Before digging into the regular home maintenance, take care of high-priority repairs outlined in the report that might cause you big problems in the short term. Then you can start chipping away at routine maintenance knowing you have a strong foundation.

Begin with a home maintenance checklist

As a reward for making it this far, download our home maintenance checklist here. It may seem like a lot, but just remember that there are 365 days in a year and many of these tasks only take a few minutes! Once you download it, save or print a copy and label it with the current year. This checklist will serve as your bird’s-eye view of the year’s tasks, when they were completed, and what still needs to get done.

Create your home maintenance log

A home maintenance log tracks the repairs, maintenance and improvements made to your home. There are many ways you can maintain a maintenance log; whether you jot notes down on paper or in an electronic spreadsheet, or use an app, make sure you include the following info for each item: 

  • Date the maintenance was last performed 
  • When the next maintenance of this type is due (monthly, quarterly, twice a year, yearly)
  • Who completed it (with contact info, if applicable): You, a friend, or hired help 
  • Supplies used (screw size, filter type, paint color, etc.) 
  • Helpful notes (YouTube videos, help articles, etc.)
  • Cost of supplies and/or service 

One simple way to create your own home maintenance log is to plan ahead and create one section for each of the next 12 months, adding relevant tasks to the appropriate months. Once you complete a task, schedule the future task when it’s next due, whether that’s next month, next year, or next quarter. Wash, rinse, repeat! 

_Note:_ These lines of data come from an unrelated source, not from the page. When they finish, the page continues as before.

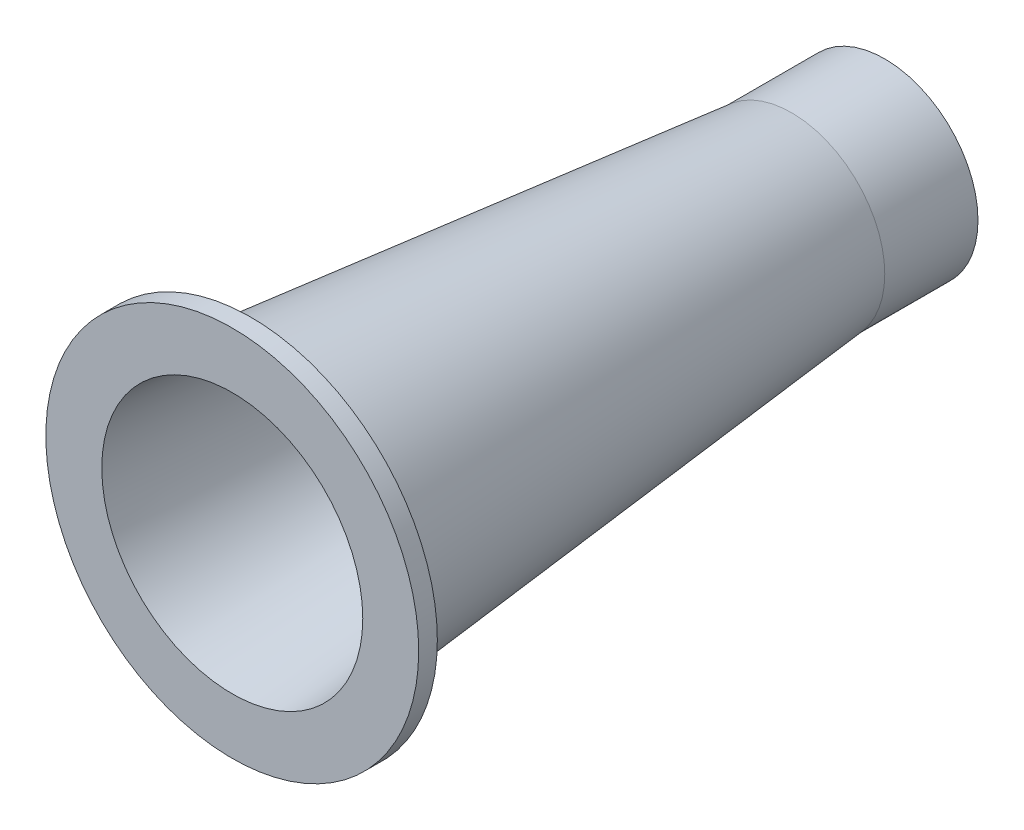
SolidWorks part; units mm, degrees
ref_plane "Front Plane" through (0, 0, 0) normal (0, 0, 1) x (1, 0, 0)
ref_plane "Top Plane" through (0, 0, 0) normal (0, 1, 0) x (1, 0, 0)
ref_plane "Right Plane" through (0, 0, 0) normal (1, 0, 0) x (0, 0, -1)
sketch "Sketch1" plane through (0, 0, 0) normal (0, 1, 0) x (1, 0, 0)
  line L0 (0, -396.0409) -> (0, 700) construction
  line L1 (60, 700) -> (100, 700)
  line L2 (100, 700) -> (100, 600)
  line L3 (60, 700) -> (60, 599.8893)
  line L4 (60, 599.8893) -> (75.3868, 599.8893)
  line L5 (80.3619, 595.3876) -> (140, 0)
  line L6 (140, 0) -> (200, 0)
  line L7 (200, 0) -> (200, 20)
  line L8 (200, 20) -> (158.0967, 20)
  line L9 (158.0967, 20) -> (100, 600)
  arc A0 (75.3868, 599.8893) -> (80.3619, 595.3876) centre (75.3868, 594.8893) cw
  dimension "D9" = 5
  dimension "D1" = 700
  dimension "D2" = 60
  dimension "D3" = 100
  dimension "D4" = 100
  dimension "D5" = 140
  dimension "D6" = 20
  dimension "D7" = 20
  dimension "D8" = 200
revolve "Revolve1" add sketch "Sketch1" angle 360 about L0
sketch "Sketch2" plane through (0, 0, 0) normal (0, 1, 0) x (1, 0, 0)
  line L0 (60, 700) -> (-60, 700) construction
  circle A0 centre (0, 660) radius 3
  dimension "D2" = 6
  dimension "D1" = 40
extrude "Cut-Extrude1" cut sketch "Sketch2" against normal through all

Still not sure what will work for you? Here are 3 quick-start ideas for your home maintenance log: 

  • A physical notebook, where each page is a month and includes a tiered bulleted list of tasks with associated notes 
  • A new OneNote “notebook,” with a new “page” for each month and a checkbox for every task 
  • A spreadsheet, with 1 sheet representing every month, and each row a task 

Consider “outsourcing” some maintenance

While you can complete many home maintenance tasks yourself (like cleaning gutters and replacing air filters), you may want to consider finding a professional to help with more complex tasks. There seems to be a subscription service for everything these days, and home maintenance is not an exception!

When I bought my house, the previous owner had a subscription from a local maintenance company that hadn’t yet expired, so I gave it a shot; for something like $100 a year, they included yearly AC, electrical, and heating inspections. The best part was that they texted me whenever an inspection was due, which helped me stay on task.

The downside? I felt I was being upsold every time someone came to “maintain” my AC unit – as a new homeowner I erred on the side of caution and agreed to some expensive “fixes,” only to have them recommend even more the following year. My advice here is simple: whether hiring a professional under a maintenance agreement or on an as-needed basis, find someone you trust before handing over your credit card.

Update your home maintenance log after each visit from a professional – you can see if prices go up, compare future quotes, and have peace of mind knowing which aspects of your home are up-to-date. 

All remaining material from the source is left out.